Настоятель провел языком по мясистым губам. Маурус Рамбек был человеком тучным, с обвислыми, как у старой болонки, щеками. Вся наружность его излучала уютное благополучие, и лишь глаза выказывали, что за ним кроется неутомимый дух. По пути брат Йоханнес рассказал Симону, что настоятель получил свою должность всего несколько месяцев назад и что он считался одним из умнейших людей Баварии. Рамбек бегло говорил на восьми языках, а читал на шестнадцати. Как и многие другие образованные люди его времени, он изучал в Бенедиктинском университете Зальцбурга не только теологию, но также философию, математику и экспериментальную физику. После того как он в юные годы прослужил в монастыре простым монахом, его позднее снова отправили в университет Зальцбурга уже в качестве преподавателя. И назначение его обратно в Андекс вызвало в совете монастыря настоящий переполох.
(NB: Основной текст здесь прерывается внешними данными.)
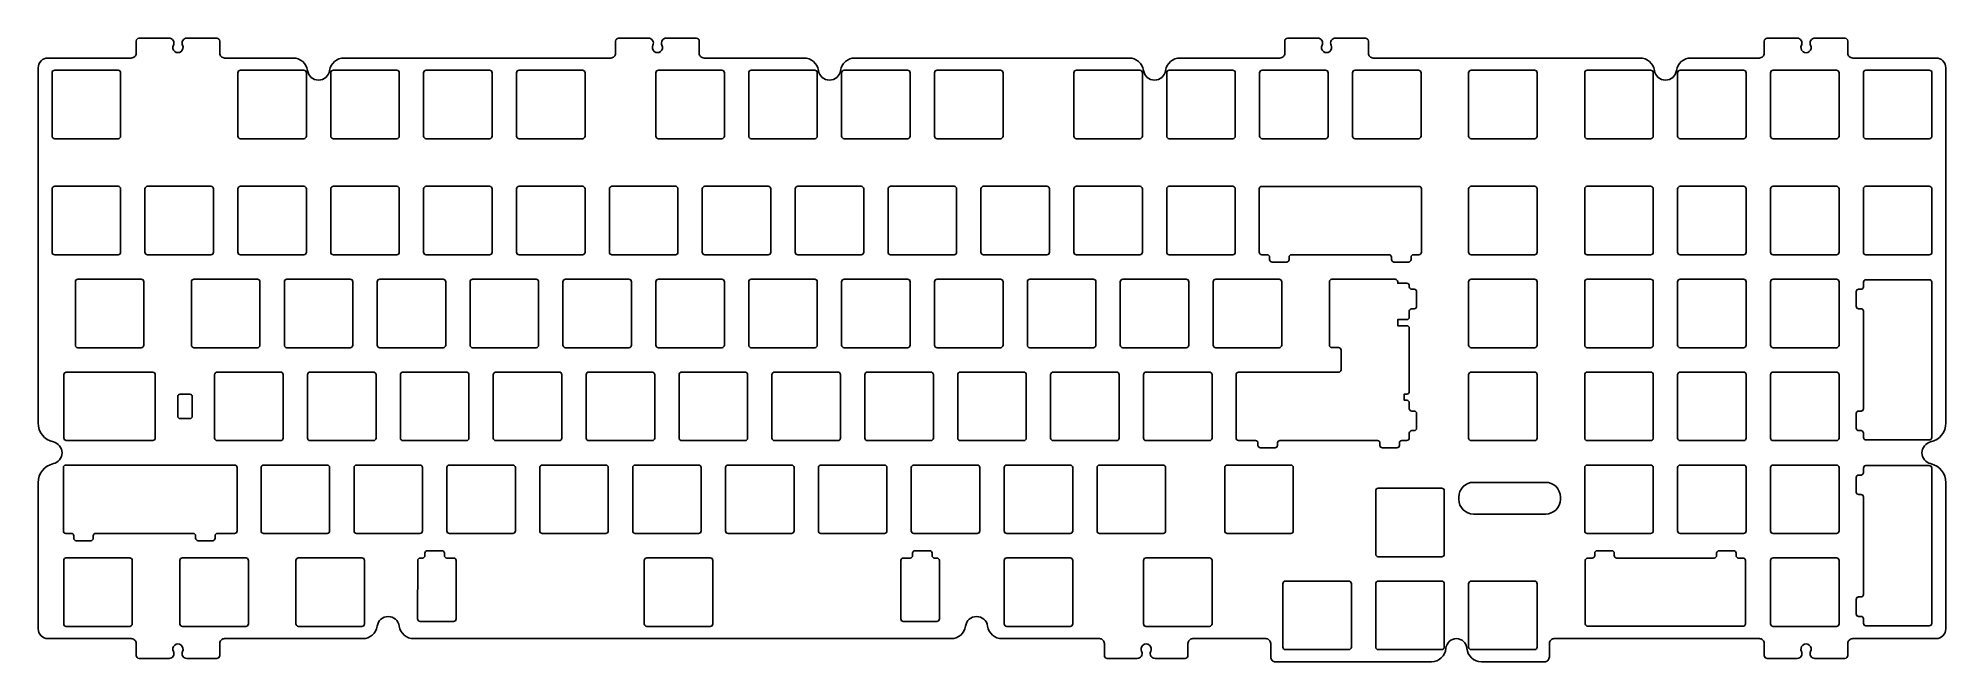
# Model space of a CAD drawing. Header units: millimetres. Extents: x 9 to 401, y 3 to 131.
import ezdxf

# ---------------------------------------------------------------- set-up
doc = ezdxf.new("R2010")
doc.units = ezdxf.units.MM

msp = doc.modelspace()

# ---------------------------------------------------------------- linework, layer by layer
for p, q in [((87.18, 23.83), (87.17, 11.83)), ((88.16, 24.33), (87.68, 24.33)), ((88.66, 25.33), (88.66, 24.83)), ((92.16, 25.83), (89.16, 25.83)), ((92.66, 24.83), (92.66, 25.33)), ((94.56, 24.33), (93.16, 24.33)), ((95.06, 11.83), (95.06, 23.83)), ((186.28, 11.83), (186.28, 23.83)), ((186.78, 24.33), (188.18, 24.33)), ((188.68, 24.83), (188.68, 25.33)), ((189.18, 25.83), (192.18, 25.83)), ((192.68, 25.33), (192.68, 24.83)), ((193.18, 24.33), (193.67, 24.33)), ((194.17, 23.83), (194.17, 11.83)), ((87.67, 11.33), (94.56, 11.33)), ((193.67, 11.33), (186.78, 11.33))]:
    msp.add_line(p, q)
for points in [[(28.44, 126.86), (11.34, 126.86, 0.414214), (9.34, 124.86), (9.34, 52.03, 0.35038), (12.46, 48.12, -0.79883), (12.46, 43.68, 0.35038), (9.34, 39.78), (9.34, 9.8, 0.414214), (11.34, 7.8), (28.44, 7.8, -0.414214), (29.44, 6.8), (29.44, 4.33, 0.414214), (30.04, 3.73), (36.18, 3.73, 0.558994), (37.08, 5.18, -1.626118), (38.95, 5.18, 0.558989), (39.84, 3.73), (45.99, 3.73, 0.414214), (46.59, 4.33), (46.59, 6.8, -0.414214), (47.59, 7.8), (75.91, 7.8, 0.373058), (78.88, 10.37, -0.866743), (83.4, 10.37, 0.373058), (86.37, 7.8), (196.58, 7.8, 0.373058), (199.55, 10.37, -0.866743), (204.07, 10.37, 0.373058), (207.04, 7.8), (227.01, 7.8, -0.414214), (228.01, 6.8), (228.01, 4.33, 0.414214), (228.61, 3.73), (234.76, 3.73, 0.558994), (235.65, 5.18, -1.626118), (237.52, 5.18, 0.558989), (238.42, 3.73), (244.56, 3.73, 0.414214), (245.16, 4.33), (245.16, 6.8, -0.414214), (246.16, 7.8), (261.12, 7.8, -0.414214), (262.12, 6.8), (262.12, 4.04, 0.414214), (263.12, 3.04), (295.08, 3.04, 0.392324), (298.07, 5.81, -0.927392), (302.36, 5.81, 0.392324), (305.35, 3.04), (318.27, 3.04, 0.414214), (319.27, 4.04), (319.27, 6.8, -0.414214), (320.27, 7.8), (362.34, 7.8, -0.414214), (363.34, 6.8), (363.34, 4.33, 0.414214), (363.94, 3.73), (370.09, 3.73, 0.558994), (370.98, 5.18, -1.626118), (372.86, 5.18, 0.558989), (373.75, 3.73), (379.89, 3.73, 0.414214), (380.49, 4.33), (380.49, 6.8, -0.414214), (381.49, 7.8), (398.59, 7.8, 0.414214), (400.59, 9.8), (400.59, 39.78, 0.35038), (397.47, 43.68, -0.79883), (397.47, 48.12, 0.35038), (400.59, 52.03), (400.59, 124.86, 0.414214), (398.59, 126.86), (381.49, 126.86, -0.414214), (380.49, 127.86), (380.49, 130.33, 0.414214), (379.89, 130.93), (373.75, 130.93, 0.558994), (372.86, 129.48, -1.626118), (370.98, 129.48, 0.558989), (370.09, 130.93), (363.94, 130.93, 0.414214), (363.34, 130.33), (363.34, 127.86, -0.414214), (362.34, 126.86), (348.3, 126.86, 0.373058), (345.34, 124.29, -0.866744), (340.82, 124.29, 0.373058), (337.85, 126.86), (283.16, 126.86, -0.414214), (282.16, 127.86), (282.16, 130.33, 0.414214), (281.56, 130.93), (275.41, 130.93, 0.558994), (274.52, 129.48, -1.626118), (272.65, 129.48, 0.558989), (271.76, 130.93), (265.61, 130.93, 0.414214), (265.01, 130.33), (265.01, 127.86, -0.414214), (264.01, 126.86), (243.53, 126.86, 0.373058), (240.56, 124.29, -0.866744), (236.05, 124.29, 0.373058), (233.08, 126.86), (176.85, 126.86, 0.373058), (173.89, 124.29, -0.866744), (169.37, 124.29, 0.373058), (166.4, 126.86), (145.92, 126.86, -0.414214), (144.92, 127.86), (144.92, 130.33, 0.414214), (144.32, 130.93), (138.18, 130.93, 0.558994), (137.28, 129.48, -1.626118), (135.41, 129.48, 0.558989), (134.52, 130.93), (128.37, 130.93, 0.414214), (127.77, 130.33), (127.77, 127.86, -0.414214), (126.77, 126.86), (72.08, 126.86, 0.373058), (69.11, 124.29, -0.866744), (64.6, 124.29, 0.373058), (61.63, 126.86), (47.59, 126.86, -0.414214), (46.59, 127.86), (46.59, 130.33, 0.414214), (45.99, 130.93), (39.84, 130.93, 0.558994), (38.95, 129.48, -1.626118), (37.08, 129.48, 0.558989), (36.18, 130.93), (30.04, 130.93, 0.414214), (29.44, 130.33), (29.44, 127.86, -0.414214)], [(26.25, 123.84), (26.25, 110.84, -0.414214), (25.73, 110.31), (12.73, 110.31, -0.414214), (12.2, 110.84), (12.2, 123.84, -0.414214), (12.73, 124.36), (25.73, 124.36, -0.414214)], [(64.35, 123.84), (64.35, 110.84, -0.414214), (63.83, 110.31), (50.83, 110.31, -0.414214), (50.3, 110.84), (50.3, 123.84, -0.414214), (50.83, 124.36), (63.83, 124.36, -0.414214)], [(83.4, 123.84), (83.4, 110.84, -0.414214), (82.88, 110.31), (69.88, 110.31, -0.414214), (69.35, 110.84), (69.35, 123.84, -0.414214), (69.88, 124.36), (82.88, 124.36, -0.414214)], [(102.45, 123.84), (102.45, 110.84, -0.414214), (101.93, 110.31), (88.93, 110.31, -0.414214), (88.4, 110.84), (88.4, 123.84, -0.414214), (88.93, 124.36), (101.93, 124.36, -0.414214)], [(121.5, 123.84), (121.5, 110.84, -0.414214), (120.98, 110.31), (107.98, 110.31, -0.414214), (107.45, 110.84), (107.45, 123.84, -0.414214), (107.98, 124.36), (120.98, 124.36, -0.414214)], [(150.08, 123.84), (150.08, 110.84, -0.414214), (149.55, 110.31), (136.55, 110.31, -0.414214), (136.03, 110.84), (136.03, 123.84, -0.414214), (136.55, 124.36), (149.55, 124.36, -0.414214)], [(169.13, 123.84), (169.13, 110.84, -0.414214), (168.6, 110.31), (155.6, 110.31, -0.414214), (155.08, 110.84), (155.08, 123.84, -0.414214), (155.6, 124.36), (168.6, 124.36, -0.414214)], [(188.18, 123.84), (188.18, 110.84, -0.414214), (187.65, 110.31), (174.65, 110.31, -0.414214), (174.13, 110.84), (174.13, 123.84, -0.414214), (174.65, 124.36), (187.65, 124.36, -0.414214)], [(207.23, 123.84), (207.23, 110.84, -0.414214), (206.7, 110.31), (193.7, 110.31, -0.414214), (193.18, 110.84), (193.18, 123.84, -0.414214), (193.7, 124.36), (206.7, 124.36, -0.414214)], [(235.8, 123.84), (235.8, 110.84, -0.414214), (235.28, 110.31), (222.28, 110.31, -0.414214), (221.75, 110.84), (221.75, 123.84, -0.414214), (222.28, 124.36), (235.28, 124.36, -0.414214)], [(254.85, 123.84), (254.85, 110.84, -0.414214), (254.33, 110.31), (241.33, 110.31, -0.414214), (240.8, 110.84), (240.8, 123.84, -0.414214), (241.33, 124.36), (254.33, 124.36, -0.414214)], [(273.9, 123.84), (273.9, 110.84, -0.414214), (273.38, 110.31), (260.38, 110.31, -0.414214), (259.85, 110.84), (259.85, 123.84, -0.414214), (260.38, 124.36), (273.38, 124.36, -0.414214)], [(292.95, 123.84), (292.95, 110.84, -0.414214), (292.43, 110.31), (279.43, 110.31, -0.414214), (278.9, 110.84), (278.9, 123.84, -0.414214), (279.43, 124.36), (292.43, 124.36, -0.414214)], [(316.77, 123.84), (316.77, 110.84, -0.414214), (316.24, 110.31), (303.24, 110.31, -0.414214), (302.72, 110.84), (302.72, 123.84, -0.414214), (303.24, 124.36), (316.24, 124.36, -0.414214)], [(340.58, 123.84), (340.58, 110.84, -0.414214), (340.05, 110.31), (327.05, 110.31, -0.414214), (326.53, 110.84), (326.53, 123.84, -0.414214), (327.05, 124.36), (340.05, 124.36, -0.414214)], [(359.63, 123.84), (359.63, 110.84, -0.414214), (359.1, 110.31), (346.1, 110.31, -0.414214), (345.58, 110.84), (345.58, 123.84, -0.414214), (346.1, 124.36), (359.1, 124.36, -0.414214)], [(378.68, 123.84), (378.68, 110.84, -0.414214), (378.15, 110.31), (365.15, 110.31, -0.414214), (364.63, 110.84), (364.63, 123.84, -0.414214), (365.15, 124.36), (378.15, 124.36, -0.414214)], [(397.73, 123.84), (397.73, 110.84, -0.414214), (397.2, 110.31), (384.2, 110.31, -0.414214), (383.68, 110.84), (383.68, 123.84, -0.414214), (384.2, 124.36), (397.2, 124.36, -0.414214)], [(26.25, 100.03), (26.25, 87.03, -0.414214), (25.73, 86.5), (12.73, 86.5, -0.414214), (12.2, 87.03), (12.2, 100.03, -0.414214), (12.73, 100.55), (25.73, 100.55, -0.414214)], [(45.3, 100.03), (45.3, 87.03, -0.414214), (44.78, 86.5), (31.78, 86.5, -0.414214), (31.25, 87.03), (31.25, 100.03, -0.414214), (31.78, 100.55), (44.78, 100.55, -0.414214)], [(64.35, 100.03), (64.35, 87.03, -0.414214), (63.83, 86.5), (50.83, 86.5, -0.414214), (50.3, 87.03), (50.3, 100.03, -0.414214), (50.83, 100.55), (63.83, 100.55, -0.414214)], [(83.4, 100.03), (83.4, 87.03, -0.414214), (82.88, 86.5), (69.88, 86.5, -0.414214), (69.35, 87.03), (69.35, 100.03, -0.414214), (69.88, 100.55), (82.88, 100.55, -0.414214)], [(102.45, 100.03), (102.45, 87.03, -0.414214), (101.93, 86.5), (88.93, 86.5, -0.414214), (88.4, 87.03), (88.4, 100.03, -0.414214), (88.93, 100.55), (101.93, 100.55, -0.414214)], [(121.5, 100.03), (121.5, 87.03, -0.414214), (120.98, 86.5), (107.98, 86.5, -0.414214), (107.45, 87.03), (107.45, 100.03, -0.414214), (107.98, 100.55), (120.98, 100.55, -0.414214)], [(140.55, 100.03), (140.55, 87.03, -0.414214), (140.03, 86.5), (127.03, 86.5, -0.414214), (126.5, 87.03), (126.5, 100.03, -0.414214), (127.03, 100.55), (140.03, 100.55, -0.414214)], [(159.6, 100.03), (159.6, 87.03, -0.414214), (159.08, 86.5), (146.08, 86.5, -0.414214), (145.55, 87.03), (145.55, 100.03, -0.414214), (146.08, 100.55), (159.08, 100.55, -0.414214)], [(178.65, 100.03), (178.65, 87.03, -0.414214), (178.13, 86.5), (165.13, 86.5, -0.414214), (164.6, 87.03), (164.6, 100.03, -0.414214), (165.13, 100.55), (178.13, 100.55, -0.414214)], [(197.7, 100.03), (197.7, 87.03, -0.414214), (197.18, 86.5), (184.18, 86.5, -0.414214), (183.65, 87.03), (183.65, 100.03, -0.414214), (184.18, 100.55), (197.18, 100.55, -0.414214)], [(216.75, 100.03), (216.75, 87.03, -0.414214), (216.23, 86.5), (203.23, 86.5, -0.414214), (202.7, 87.03), (202.7, 100.03, -0.414214), (203.23, 100.55), (216.23, 100.55, -0.414214)], [(235.8, 100.03), (235.8, 87.03, -0.414214), (235.28, 86.5), (222.28, 86.5, -0.414214), (221.75, 87.03), (221.75, 100.03, -0.414214), (222.28, 100.55), (235.28, 100.55, -0.414214)], [(254.85, 100.03), (254.85, 87.03, -0.414214), (254.33, 86.5), (241.33, 86.5, -0.414214), (240.8, 87.03), (240.8, 100.03, -0.414214), (241.33, 100.55), (254.33, 100.55, -0.414214)], [(292.53, 86.53, 0.414214), (293.03, 87.03), (293.03, 100.03, 0.414214), (292.53, 100.53), (260.28, 100.53, 0.414214), (259.78, 100.03), (259.78, 87.03, 0.414214), (260.28, 86.53), (261.4, 86.53, -0.414214), (261.9, 86.03), (261.9, 85.53, 0.414214), (262.4, 85.03), (265.4, 85.03, 0.414214), (265.9, 85.53), (265.9, 86.03, -0.414214), (266.4, 86.53), (286.4, 86.53, -0.414214), (286.9, 86.03), (286.9, 85.53, 0.414214), (287.4, 85.03), (290.4, 85.03, 0.414214), (290.9, 85.53), (290.9, 86.03, -0.414214), (291.4, 86.53)], [(316.77, 100.03), (316.77, 87.03, -0.414214), (316.24, 86.5), (303.24, 86.5, -0.414214), (302.72, 87.03), (302.72, 100.03, -0.414214), (303.24, 100.55), (316.24, 100.55, -0.414214)], [(340.58, 100.03), (340.58, 87.03, -0.414214), (340.05, 86.5), (327.05, 86.5, -0.414214), (326.53, 87.03), (326.53, 100.03, -0.414214), (327.05, 100.55), (340.05, 100.55, -0.414214)], [(359.63, 100.03), (359.63, 87.03, -0.414214), (359.1, 86.5), (346.1, 86.5, -0.414214), (345.58, 87.03), (345.58, 100.03, -0.414214), (346.1, 100.55), (359.1, 100.55, -0.414214)], [(378.68, 100.03), (378.68, 87.03, -0.414214), (378.15, 86.5), (365.15, 86.5, -0.414214), (364.63, 87.03), (364.63, 100.03, -0.414214), (365.15, 100.55), (378.15, 100.55, -0.414214)], [(397.73, 100.03), (397.73, 87.03, -0.414214), (397.2, 86.5), (384.2, 86.5, -0.414214), (383.68, 87.03), (383.68, 100.03, -0.414214), (384.2, 100.55), (397.2, 100.55, -0.414214)], [(31.02, 80.98), (31.02, 67.98, -0.414214), (30.49, 67.45), (17.49, 67.45, -0.414214), (16.97, 67.98), (16.97, 80.98, -0.414214), (17.49, 81.5), (30.49, 81.5, -0.414214)], [(54.83, 80.98), (54.83, 67.98, -0.414214), (54.3, 67.45), (41.3, 67.45, -0.414214), (40.78, 67.98), (40.78, 80.98, -0.414214), (41.3, 81.5), (54.3, 81.5, -0.414214)], [(73.88, 80.98), (73.88, 67.98, -0.414214), (73.35, 67.45), (60.35, 67.45, -0.414214), (59.83, 67.98), (59.83, 80.98, -0.414214), (60.35, 81.5), (73.35, 81.5, -0.414214)], [(92.93, 80.98), (92.93, 67.98, -0.414214), (92.4, 67.45), (79.4, 67.45, -0.414214), (78.88, 67.98), (78.88, 80.98, -0.414214), (79.4, 81.5), (92.4, 81.5, -0.414214)], [(111.98, 80.98), (111.98, 67.98, -0.414214), (111.45, 67.45), (98.45, 67.45, -0.414214), (97.93, 67.98), (97.93, 80.98, -0.414214), (98.45, 81.5), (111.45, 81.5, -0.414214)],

— Мне все это видится лишь игрой воображения, — вмешался брат Йоханнес впервые за все время. — Поверьте мне, ваше преподобие, я уже много трупов повидать успел, и…
— Я знаю, что ты успел повидать много трупов, дорогой брат, — перебил его настоятель. — По мне, так слишком много… — добавил он многозначительно. — Не говоря уже о том, как множатся в последнее время предосудительные происшествия вокруг твоей персоны, брат Йоханнес. Слухи о молнии, твое чревоугодие во время поста, да и вечные твои споры с братом Виргилиусом… Сегодня, как я слышал, между вами тоже произошел раздор?
— Откуда вы… — вспыхнул было брат Йоханнес, но потом плечи его поникли, и он продолжил в смущении: — Ну да, это правда. Мы поспорили, но это был спор… скажем… научный. Скорее, дискуссия, ничего серьезного.
— Научный? — Настоятель усмехнулся. — Не превозноси себя, брат. Помни о том, что ты наш аптекарь, и не более. Заботься о больных и следи, чтобы никто из окружающих тебя не умер прежде времени. Это все, о чем я тебя прошу. А науку предоставь ученым.
Он повернулся к Симону.
— Что касается вас, цирюльник. Похоже, вы и вправду кое-что смыслите в человеческой анатомии. Быть может, даже больше, чем аптекарь… Так почему нет? — Маурус Рамбек склонил голову, словно раздумывал над решением, и наконец кивнул. — Буду рад, если вы составите небольшой отчет о данном происшествии. Скажем, до завтра? Причину смерти, раны и так далее, что-нибудь для актов, если нам действительно придется обратиться к земельному судье… Разумеется, за вознаграждение.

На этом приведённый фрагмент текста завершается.